*** Input for this task ***

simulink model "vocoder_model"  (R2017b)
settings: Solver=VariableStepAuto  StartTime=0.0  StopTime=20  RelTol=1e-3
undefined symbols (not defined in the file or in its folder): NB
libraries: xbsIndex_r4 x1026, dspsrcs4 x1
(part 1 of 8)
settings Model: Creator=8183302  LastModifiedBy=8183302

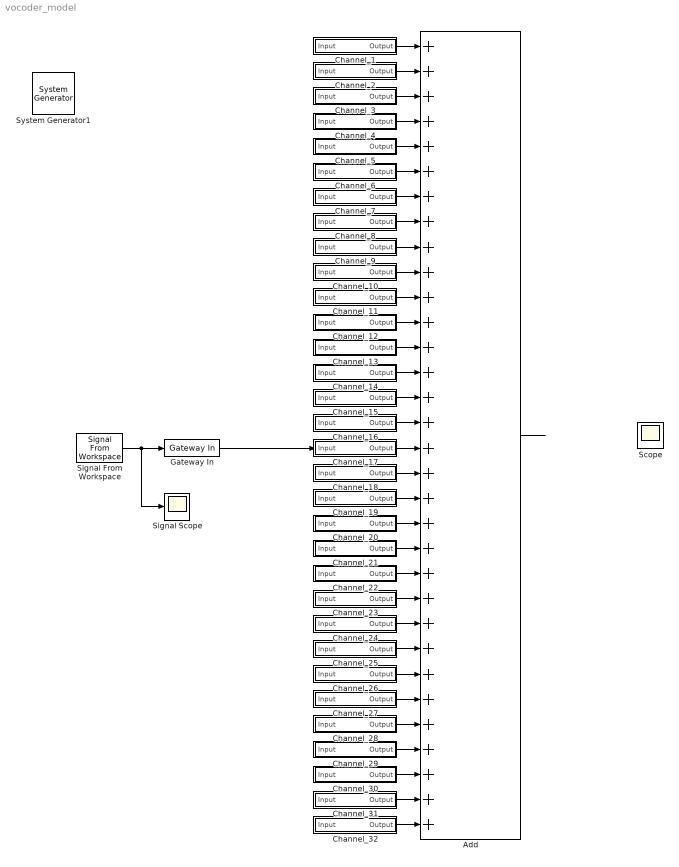
== system vocoder_model ==
  " System Generator1" : xbsIndex_r4/ System Generator  Tag=genX  xilinxfamily=kintex7  part=xc7k325t  speed=-3  package=fbg676  synthesis_tool=Vivado  clock_wrapper=Clock Enables  directory=./netlist  proj_type=Vivado  Synth_file=Vivado Synthesis Defaults  Impl_file=Vivado Implementation Defaults  testbench=off  simulink_period=1/8000  sysclk_period=10  dcm_input_clock_period=10  incr_netlist=off  trim_vbits=Everywhere in SubSystem  dbl_ovrd=According to Block Masks  core_generation=According to Block Masks  run_coregen=off  deprecated_control=off  eval_field=0  block_type=sysgen
  Add : Sum  Inputs=++++++++++++++++++++++++++++++++
  Channel_1 : Subsystem  mask{b0=0.1426970149, b1=0.0000000000, b2=-0.1426970149, a1=-1.6901715989, a2=0.7146059702, fc=299.991723}
  Channel_10 : Subsystem  mask{b0=0.0872963307, b1=0.0000000000, b2=-0.0872963307, a1=-1.4690457093, a2=0.8254073387, fc=816.949484}
  Channel_11 : Subsystem  mask{b0=0.0845435910, b1=0.0000000000, b2=-0.0845435910, a1=-1.4085768543, a2=0.8309128181, fc=888.837275}
  Channel_12 : Subsystem  mask{b0=0.0820880005, b1=0.0000000000, b2=-0.0820880005, a1=-1.3394973368, a2=0.8358239989, fc=964.131808}
  Channel_13 : Subsystem  mask{b0=0.0798861132, b1=0.0000000000, b2=-0.0798861132, a1=-1.2612912570, a2=0.8402277736, fc=1042.994526}
  Channel_14 : Subsystem  mask{b0=0.0779025394, b1=0.0000000000, b2=-0.0779025394, a1=-1.1734445637, a2=0.8441949212, fc=1125.594525}
  Channel_15 : Subsystem  mask{b0=0.0761081589, b1=0.0000000000, b2=-0.0761081589, a1=-1.0754648676, a2=0.8477836822, fc=1212.108914}
  Channel_16 : Subsystem  mask{b0=0.0744787896, b1=0.0000000000, b2=-0.0744787896, a1=-0.9669048108, a2=0.8510424209, fc=1302.723195}
  Channel_17 : Subsystem  mask{b0=0.0729941817, b1=0.0000000000, b2=-0.0729941817, a1=-0.8473898380, a2=0.8540116366, fc=1397.631659}
  Channel_18 : Subsystem  mask{b0=0.0716372491, b1=0.0000000000, b2=-0.0716372491, a1=-0.7166511718, a2=0.8567255018, fc=1497.037808}
  Channel_19 : Subsystem  mask{b0=0.0703934733, b1=0.0000000000, b2=-0.0703934733, a1=-0.5745647402, a2=0.8592130535, fc=1601.154785}
  Channel_2 : Subsystem  mask{b0=0.1312430755, b1=0.0000000000, b2=-0.1312430755, a1=-1.6922316836, a2=0.7375138489, fc=347.381037}
  Channel_20 : Subsystem  mask{b0=0.0692504382, b1=0.0000000000, b2=-0.0692504382, a1=-0.4211967011, a2=0.8614991237, fc=1710.205836}
  Channel_21 : Subsystem  mask{b0=0.0681974623, b1=0.0000000000, b2=-0.0681974623, a1=-0.2568560434, a2=0.8636050755, fc=1824.424783}
  Channel_22 : Subsystem  mask{b0=0.0672253054, b1=0.0000000000, b2=-0.0672253054, a1=-0.0821544768, a2=0.8655493893, fc=1944.056533}
  Channel_23 : Subsystem  mask{b0=0.0663259331, b1=0.0000000000, b2=-0.0663259331, a1=0.1019265783, a2=0.8673481338, fc=2069.357596}
  Channel_24 : Subsystem  mask{b0=0.0654923262, b1=0.0000000000, b2=-0.0654923262, a1=0.2939626743, a2=0.8690153475, fc=2200.596640}
  Channel_25 : Subsystem  mask{b0=0.0647183248, b1=0.0000000000, b2=-0.0647183248, a1=0.4920082741, a2=0.8705633504, fc=2338.055064}
  Channel_26 : Subsystem  mask{b0=0.0639985006, b1=0.0000000000, b2=-0.0639985006, a1=0.6935166168, a2=0.8720029989, fc=2482.027602}
  Channel_27 : Subsystem  mask{b0=0.0633280511, b1=0.0000000000, b2=-0.0633280511, a1=0.8952616127, a2=0.8733438978, fc=2632.822957}
  Channel_28 : Subsystem  mask{b0=0.0627027123, b1=0.0000000000, b2=-0.0627027123, a1=1.0932676802, a2=0.8745945754, fc=2790.764459}
  Channel_29 : Subsystem  mask{b0=0.0621186846, b1=0.0000000000, b2=-0.0621186846, a1=1.2827556587, a2=0.8757626308, fc=2956.190763}
  Channel_3 : Subsystem  mask{b0=0.1219971552, b1=0.0000000000, b2=-0.1219971552, a1=-1.6873845160, a2=0.7560056896, fc=397.016117}
  Channel_30 : Subsystem  mask{b0=0.0615725716, b1=0.0000000000, b2=-0.0615725716, a1=1.4581155660, a2=0.8768548568, fc=3129.456570}
  Channel_31 : Subsystem  mask{b0=0.0610613278, b1=0.0000000000, b2=-0.0610613278, a1=1.6129199398, a2=0.8778773445, fc=3310.933394}
  Channel_32 : Subsystem  mask{b0=0.0605822143, b1=0.0000000000, b2=-0.0605822143, a1=1.7399946660, a2=0.8788355715, fc=3501.010351}
  Channel_4 : Subsystem  mask{b0=0.1143823509, b1=0.0000000000, b2=-0.1143823509, a1=-1.6760436191, a2=0.7712352982, fc=449.003389}
  Channel_5 : Subsystem  mask{b0=0.1080071943, b1=0.0000000000, b2=-0.1080071943, a1=-1.6583545791, a2=0.7839856114, fc=503.454323}
  Channel_6 : Subsystem  mask{b0=0.1025964806, b1=0.0000000000, b2=-0.1025964806, a1=-1.6342751055, a2=0.7948070389, fc=560.485670}
  Channel_7 : Subsystem  mask{b0=0.0979509870, b1=0.0000000000, b2=-0.0979509870, a1=-1.6036256537, a2=0.8040980260, fc=620.219716}
  Channel_8 : Subsystem  mask{b0=0.0939228891, b1=0.0000000000, b2=-0.0939228891, a1=-1.5661230792, a2=0.8121542217, fc=682.784541}
  Channel_9 : Subsystem  mask{b0=0.0904001591, b1=0.0000000000, b2=-0.0904001591, a1=-1.5214045021, a2=0.8191996818, fc=748.314295}
  Gateway In : xbsIndex_r4/Gateway In  gui_display_data_type=Fixed-point  arith_type="Signed  (2's comp)"  n_bits=16  bin_pt=15  preci_type=Single  exp_width=8  frac_width=24  rows=1  columns=1  quantization="Round  (unbiased: +/- Inf)"  overflow=Saturate  period=1/8000  UseAsADC=off  ADCChannel='1'  interface=None  automatic_assignment=on  address_offset=hex2dec('00')  intf_name=''  intf_description=''  default_value=0  timing_constraint=None  locs_specified=off  LOCs={}  io_standard={}  inherit_from_input=off  hdl_port=on  dbl_ovrd=off  block_type=gatewayin
  Scope : Scope
  Signal From Workspace : dspsrcs4/Signal From Workspace  X=x  Ts=1/8000  nsamps=1  OutputAfterFinalValue=Setting to zero  ignoreOrWarnInputAndFrameLengths=off  OutputFrames=off
  Signal Scope : Scope
  wires:
  Signal From Workspace/1 -> Signal Scope/1, Gateway In/1
  Channel_1/1(Output) -> Add/1
  Channel_2/1(Output) -> Add/2
  Channel_3/1(Output) -> Add/3
  Channel_4/1(Output) -> Add/4
  Channel_5/1(Output) -> Add/5
  Channel_6/1(Output) -> Add/6
  Channel_7/1(Output) -> Add/7
  Channel_8/1(Output) -> Add/8
  Channel_9/1(Output) -> Add/9
  Channel_10/1(Output) -> Add/10
  Channel_11/1(Output) -> Add/11
  Channel_12/1(Output) -> Add/12
  Channel_13/1(Output) -> Add/13
  Channel_14/1(Output) -> Add/14
  Channel_15/1(Output) -> Add/15
  Channel_16/1(Output) -> Add/16
  Channel_17/1(Output) -> Add/17
  Channel_18/1(Output) -> Add/18
  Channel_19/1(Output) -> Add/19
  Channel_20/1(Output) -> Add/20
  Channel_21/1(Output) -> Add/21
  Channel_22/1(Output) -> Add/22
  Channel_23/1(Output) -> Add/23
  Channel_24/1(Output) -> Add/24
  Channel_25/1(Output) -> Add/25
  Channel_26/1(Output) -> Add/26
  Channel_27/1(Output) -> Add/27
  Channel_28/1(Output) -> Add/28
  Channel_29/1(Output) -> Add/29
  Channel_30/1(Output) -> Add/30
  Channel_31/1(Output) -> Add/31
  Channel_32/1(Output) -> Add/32
  Add/1 -> ?
  Gateway In/1 -> Channel_17/1(Input)
  ? -> Scope/1

== system vocoder_model/Channel_1 ==
  Input : Inport
  Abs Scope : Scope
  Absolute : xbsIndex_r4/Absolute  precision=User Defined  arith_type="Signed  (2's comp)"  n_bits=16  bin_pt=15  quantization=Truncate  overflow=Wrap  en=off  latency=0  dbl_ovrd=off  block_type=abs
  Convert : xbsIndex_r4/Convert  gui_display_data_type=Fixed-point  arith_type="Signed  (2's comp)"  n_bits=16  bin_pt=15  float_type=Single  exp_bits=8  fraction_bits=24  quantization=Truncate  overflow=Wrap  en=off  latency=0  pipeline=off  dbl_ovrd=off  block_type=convert
  Final Channel Scope : Scope
  Gateway In : xbsIndex_r4/Gateway In  gui_display_data_type=Fixed-point  arith_type="Signed  (2's comp)"  n_bits=16  bin_pt=15  preci_type=Single  exp_width=8  frac_width=24  rows=1  columns=1  quantization=Truncate  overflow=Wrap  period=1/8000  UseAsADC=off  ADCChannel='1'  interface=None  automatic_assignment=on  address_offset=hex2dec('00')  intf_name=''  intf_description=''  default_value=0  timing_constraint=None  locs_specified=off  LOCs={}  io_standard={}  inherit_from_input=off  hdl_port=on  dbl_ovrd=off  block_type=gatewayin
  Gateway Out{,1..3} (4 alike) : xbsIndex_r4/Gateway Out  inherit_from_input=off  hdl_port=off  rows=1  columns=1  UseAsDAC=off  DACChannel='1'  interface=None  automatic_assignment=on  address_offset=hex2dec('00')  intf_name=''  intf_description=''  timing_constraint=None  locs_specified=off  LOCs={}  io_standard={}  block_type=gatewayout
  IIR Filter : Subsystem
  IIR Filter Scope : Scope
  LPF Scope : Scope
  Low Pass Filter : Subsystem
  Mult : xbsIndex_r4/Mult  precision=User Defined  arith_type="Signed  (2's comp)"  n_bits=16  bin_pt=15  quantization=Truncate  overflow=Wrap  en=off  latency=0  use_behavioral_HDL=off  opt=Speed  use_embedded=on  optimum_pipeline=off  pipeline=on  dbl_ovrd=off  use_rpm=on  placement_style=Triangular  block_type=mult
  Sine Wave : Sin  Frequency=2*pi*fc  SampleTime=1/8000
  Output : Outport
  wires:
  Input/1 -> IIR Filter/1(Input)
  IIR Filter/1(Output) -> Gateway Out1/1, Absolute/1
  Sine Wave/1 -> Gateway In/1
  Convert/1 -> Mult/1
  Gateway In/1 -> Mult/2
  Absolute/1 -> Gateway Out2/1, Low Pass Filter/1(Input1)
  Low Pass Filter/1(Output1) -> Gateway Out3/1, Convert/1
  Gateway Out/1 -> Output/1, Final Channel Scope/1
  Mult/1 -> Gateway Out/1
  Gateway Out1/1 -> IIR Filter Scope/1
  Gateway Out2/1 -> Abs Scope/1
  Gateway Out3/1 -> LPF Scope/1

== system vocoder_model/Channel_10 ==
  Input : Inport
  Abs Scope : Scope
  Absolute : xbsIndex_r4/Absolute  precision=User Defined  arith_type="Signed  (2's comp)"  n_bits=16  bin_pt=15  quantization=Truncate  overflow=Wrap  en=off  latency=0  dbl_ovrd=off  block_type=abs
  Convert : xbsIndex_r4/Convert  gui_display_data_type=Fixed-point  arith_type="Signed  (2's comp)"  n_bits=16  bin_pt=15  float_type=Single  exp_bits=8  fraction_bits=24  quantization=Truncate  overflow=Wrap  en=off  latency=0  pipeline=off  dbl_ovrd=off  block_type=convert
  Final Channel Scope : Scope
  Gateway In : xbsIndex_r4/Gateway In  gui_display_data_type=Fixed-point  arith_type="Signed  (2's comp)"  n_bits=16  bin_pt=15  preci_type=Single  exp_width=8  frac_width=24  rows=1  columns=1  quantization=Truncate  overflow=Wrap  period=1/8000  UseAsADC=off  ADCChannel='1'  interface=None  automatic_assignment=on  address_offset=hex2dec('00')  intf_name=''  intf_description=''  default_value=0  timing_constraint=None  locs_specified=off  LOCs={}  io_standard={}  inherit_from_input=off  hdl_port=on  dbl_ovrd=off  block_type=gatewayin
  Gateway Out{,1..3} (4 alike) : xbsIndex_r4/Gateway Out  inherit_from_input=off  hdl_port=off  rows=1  columns=1  UseAsDAC=off  DACChannel='1'  interface=None  automatic_assignment=on  address_offset=hex2dec('00')  intf_name=''  intf_description=''  timing_constraint=None  locs_specified=off  LOCs={}  io_standard={}  block_type=gatewayout
  IIR Filter : Subsystem
  IIR Filter Scope : Scope
  LPF Scope : Scope
  Low Pass Filter : Subsystem
  Mult : xbsIndex_r4/Mult  precision=User Defined  arith_type="Signed  (2's comp)"  n_bits=16  bin_pt=15  quantization=Truncate  overflow=Wrap  en=off  latency=0  use_behavioral_HDL=off  opt=Speed  use_embedded=on  optimum_pipeline=off  pipeline=on  dbl_ovrd=off  use_rpm=on  placement_style=Triangular  block_type=mult
  Sine Wave : Sin  Frequency=2*pi*fc  SampleTime=1/8000
  Output : Outport
  wires:
  Input/1 -> IIR Filter/1(Input)
  IIR Filter/1(Output) -> Gateway Out1/1, Absolute/1
  Sine Wave/1 -> Gateway In/1
  Convert/1 -> Mult/1
  Gateway In/1 -> Mult/2
  Absolute/1 -> Gateway Out2/1, Low Pass Filter/1(Input1)
  Low Pass Filter/1(Output1) -> Gateway Out3/1, Convert/1
  Gateway Out/1 -> Output/1, Final Channel Scope/1
  Mult/1 -> Gateway Out/1
  Gateway Out1/1 -> IIR Filter Scope/1
  Gateway Out2/1 -> Abs Scope/1
  Gateway Out3/1 -> LPF Scope/1

== system vocoder_model/Channel_11 ==
  Input : Inport
  Abs Scope : Scope
  Absolute : xbsIndex_r4/Absolute  precision=User Defined  arith_type="Signed  (2's comp)"  n_bits=16  bin_pt=15  quantization=Truncate  overflow=Wrap  en=off  latency=0  dbl_ovrd=off  block_type=abs
  Convert : xbsIndex_r4/Convert  gui_display_data_type=Fixed-point  arith_type="Signed  (2's comp)"  n_bits=16  bin_pt=15  float_type=Single  exp_bits=8  fraction_bits=24  quantization=Truncate  overflow=Wrap  en=off  latency=0  pipeline=off  dbl_ovrd=off  block_type=convert
  Final Channel Scope : Scope
  Gateway In : xbsIndex_r4/Gateway In  gui_display_data_type=Fixed-point  arith_type="Signed  (2's comp)"  n_bits=16  bin_pt=15  preci_type=Single  exp_width=8  frac_width=24  rows=1  columns=1  quantization=Truncate  overflow=Wrap  period=1/8000  UseAsADC=off  ADCChannel='1'  interface=None  automatic_assignment=on  address_offset=hex2dec('00')  intf_name=''  intf_description=''  default_value=0  timing_constraint=None  locs_specified=off  LOCs={}  io_standard={}  inherit_from_input=off  hdl_port=on  dbl_ovrd=off  block_type=gatewayin
  Gateway Out{,1..3} (4 alike) : xbsIndex_r4/Gateway Out  inherit_from_input=off  hdl_port=off  rows=1  columns=1  UseAsDAC=off  DACChannel='1'  interface=None  automatic_assignment=on  address_offset=hex2dec('00')  intf_name=''  intf_description=''  timing_constraint=None  locs_specified=off  LOCs={}  io_standard={}  block_type=gatewayout
  IIR Filter : Subsystem
  IIR Filter Scope : Scope
  LPF Scope : Scope
  Low Pass Filter : Subsystem
  Mult : xbsIndex_r4/Mult  precision=User Defined  arith_type="Signed  (2's comp)"  n_bits=16  bin_pt=15  quantization=Truncate  overflow=Wrap  en=off  latency=0  use_behavioral_HDL=off  opt=Speed  use_embedded=on  optimum_pipeline=off  pipeline=on  dbl_ovrd=off  use_rpm=on  placement_style=Triangular  block_type=mult
  Sine Wave : Sin  Frequency=2*pi*fc  SampleTime=1/8000
  Output : Outport
  wires:
  Input/1 -> IIR Filter/1(Input)
  IIR Filter/1(Output) -> Gateway Out1/1, Absolute/1
  Sine Wave/1 -> Gateway In/1
  Convert/1 -> Mult/1
  Gateway In/1 -> Mult/2
  Absolute/1 -> Gateway Out2/1, Low Pass Filter/1(Input1)
  Low Pass Filter/1(Output1) -> Gateway Out3/1, Convert/1
  Gateway Out/1 -> Output/1, Final Channel Scope/1
  Mult/1 -> Gateway Out/1
  Gateway Out1/1 -> IIR Filter Scope/1
  Gateway Out2/1 -> Abs Scope/1
  Gateway Out3/1 -> LPF Scope/1

== system vocoder_model/Channel_12 ==
  Input : Inport
  Abs Scope : Scope
  Absolute : xbsIndex_r4/Absolute  precision=User Defined  arith_type="Signed  (2's comp)"  n_bits=16  bin_pt=15  quantization=Truncate  overflow=Wrap  en=off  latency=0  dbl_ovrd=off  block_type=abs
  Convert : xbsIndex_r4/Convert  gui_display_data_type=Fixed-point  arith_type="Signed  (2's comp)"  n_bits=16  bin_pt=15  float_type=Single  exp_bits=8  fraction_bits=24  quantization=Truncate  overflow=Wrap  en=off  latency=0  pipeline=off  dbl_ovrd=off  block_type=convert
  Final Channel Scope : Scope
  Gateway In : xbsIndex_r4/Gateway In  gui_display_data_type=Fixed-point  arith_type="Signed  (2's comp)"  n_bits=16  bin_pt=15  preci_type=Single  exp_width=8  frac_width=24  rows=1  columns=1  quantization=Truncate  overflow=Wrap  period=1/8000  UseAsADC=off  ADCChannel='1'  interface=None  automatic_assignment=on  address_offset=hex2dec('00')  intf_name=''  intf_description=''  default_value=0  timing_constraint=None  locs_specified=off  LOCs={}  io_standard={}  inherit_from_input=off  hdl_port=on  dbl_ovrd=off  block_type=gatewayin
  Gateway Out{,1..3} (4 alike) : xbsIndex_r4/Gateway Out  inherit_from_input=off  hdl_port=off  rows=1  columns=1  UseAsDAC=off  DACChannel='1'  interface=None  automatic_assignment=on  address_offset=hex2dec('00')  intf_name=''  intf_description=''  timing_constraint=None  locs_specified=off  LOCs={}  io_standard={}  block_type=gatewayout
  IIR Filter : Subsystem
  IIR Filter Scope : Scope
  LPF Scope : Scope
  Low Pass Filter : Subsystem
  Mult : xbsIndex_r4/Mult  precision=User Defined  arith_type="Signed  (2's comp)"  n_bits=16  bin_pt=15  quantization=Truncate  overflow=Wrap  en=off  latency=0  use_behavioral_HDL=off  opt=Speed  use_embedded=on  optimum_pipeline=off  pipeline=on  dbl_ovrd=off  use_rpm=on  placement_style=Triangular  block_type=mult
  Sine Wave : Sin  Frequency=2*pi*fc  SampleTime=1/8000
  Output : Outport
  wires:
  Input/1 -> IIR Filter/1(Input)
  IIR Filter/1(Output) -> Gateway Out1/1, Absolute/1
  Sine Wave/1 -> Gateway In/1
  Convert/1 -> Mult/1
  Gateway In/1 -> Mult/2
  Absolute/1 -> Gateway Out2/1, Low Pass Filter/1(Input1)
  Low Pass Filter/1(Output1) -> Gateway Out3/1, Convert/1
  Gateway Out/1 -> Output/1, Final Channel Scope/1
  Mult/1 -> Gateway Out/1
  Gateway Out1/1 -> IIR Filter Scope/1
  Gateway Out2/1 -> Abs Scope/1
  Gateway Out3/1 -> LPF Scope/1

== system vocoder_model/Channel_13 ==
  Input : Inport
  Abs Scope : Scope
  Absolute : xbsIndex_r4/Absolute  precision=User Defined  arith_type="Signed  (2's comp)"  n_bits=16  bin_pt=15  quantization=Truncate  overflow=Wrap  en=off  latency=0  dbl_ovrd=off  block_type=abs
  Convert : xbsIndex_r4/Convert  gui_display_data_type=Fixed-point  arith_type="Signed  (2's comp)"  n_bits=16  bin_pt=15  float_type=Single  exp_bits=8  fraction_bits=24  quantization=Truncate  overflow=Wrap  en=off  latency=0  pipeline=off  dbl_ovrd=off  block_type=convert
  Final Channel Scope : Scope
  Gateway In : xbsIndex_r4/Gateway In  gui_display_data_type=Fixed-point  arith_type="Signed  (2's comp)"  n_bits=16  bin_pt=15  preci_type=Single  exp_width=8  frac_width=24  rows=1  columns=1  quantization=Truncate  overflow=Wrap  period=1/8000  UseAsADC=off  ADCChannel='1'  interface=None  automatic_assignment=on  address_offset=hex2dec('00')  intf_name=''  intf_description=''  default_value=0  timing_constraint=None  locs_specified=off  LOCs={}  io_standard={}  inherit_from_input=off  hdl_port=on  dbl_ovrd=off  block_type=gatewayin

*** End of Input for this task ***

**Required action**. From the opening line of the entries, copy each line exactly until the line with "Channel_13 : Subsystem", which is copied as well; leave out pictures.

**Expected answer**.
simulink model "vocoder_model"  (R2017b)
settings: Solver=VariableStepAuto  StartTime=0.0  StopTime=20  RelTol=1e-3
undefined symbols (not defined in the file or in its folder): NB
libraries: xbsIndex_r4 x1026, dspsrcs4 x1
(part 1 of 8)
settings Model: Creator=8183302  LastModifiedBy=8183302

== system vocoder_model ==
  " System Generator1" : xbsIndex_r4/ System Generator  Tag=genX  xilinxfamily=kintex7  part=xc7k325t  speed=-3  package=fbg676  synthesis_tool=Vivado  clock_wrapper=Clock Enables  directory=./netlist  proj_type=Vivado  Synth_file=Vivado Synthesis Defaults  Impl_file=Vivado Implementation Defaults  testbench=off  simulink_period=1/8000  sysclk_period=10  dcm_input_clock_period=10  incr_netlist=off  trim_vbits=Everywhere in SubSystem  dbl_ovrd=According to Block Masks  core_generation=According to Block Masks  run_coregen=off  deprecated_control=off  eval_field=0  block_type=sysgen
  Add : Sum  Inputs=++++++++++++++++++++++++++++++++
  Channel_1 : Subsystem  mask{b0=0.1426970149, b1=0.0000000000, b2=-0.1426970149, a1=-1.6901715989, a2=0.7146059702, fc=299.991723}
  Channel_10 : Subsystem  mask{b0=0.0872963307, b1=0.0000000000, b2=-0.0872963307, a1=-1.4690457093, a2=0.8254073387, fc=816.949484}
  Channel_11 : Subsystem  mask{b0=0.0845435910, b1=0.0000000000, b2=-0.0845435910, a1=-1.4085768543, a2=0.8309128181, fc=888.837275}
  Channel_12 : Subsystem  mask{b0=0.0820880005, b1=0.0000000000, b2=-0.0820880005, a1=-1.3394973368, a2=0.8358239989, fc=964.131808}
  Channel_13 : Subsystem  mask{b0=0.0798861132, b1=0.0000000000, b2=-0.0798861132, a1=-1.2612912570, a2=0.8402277736, fc=1042.994526}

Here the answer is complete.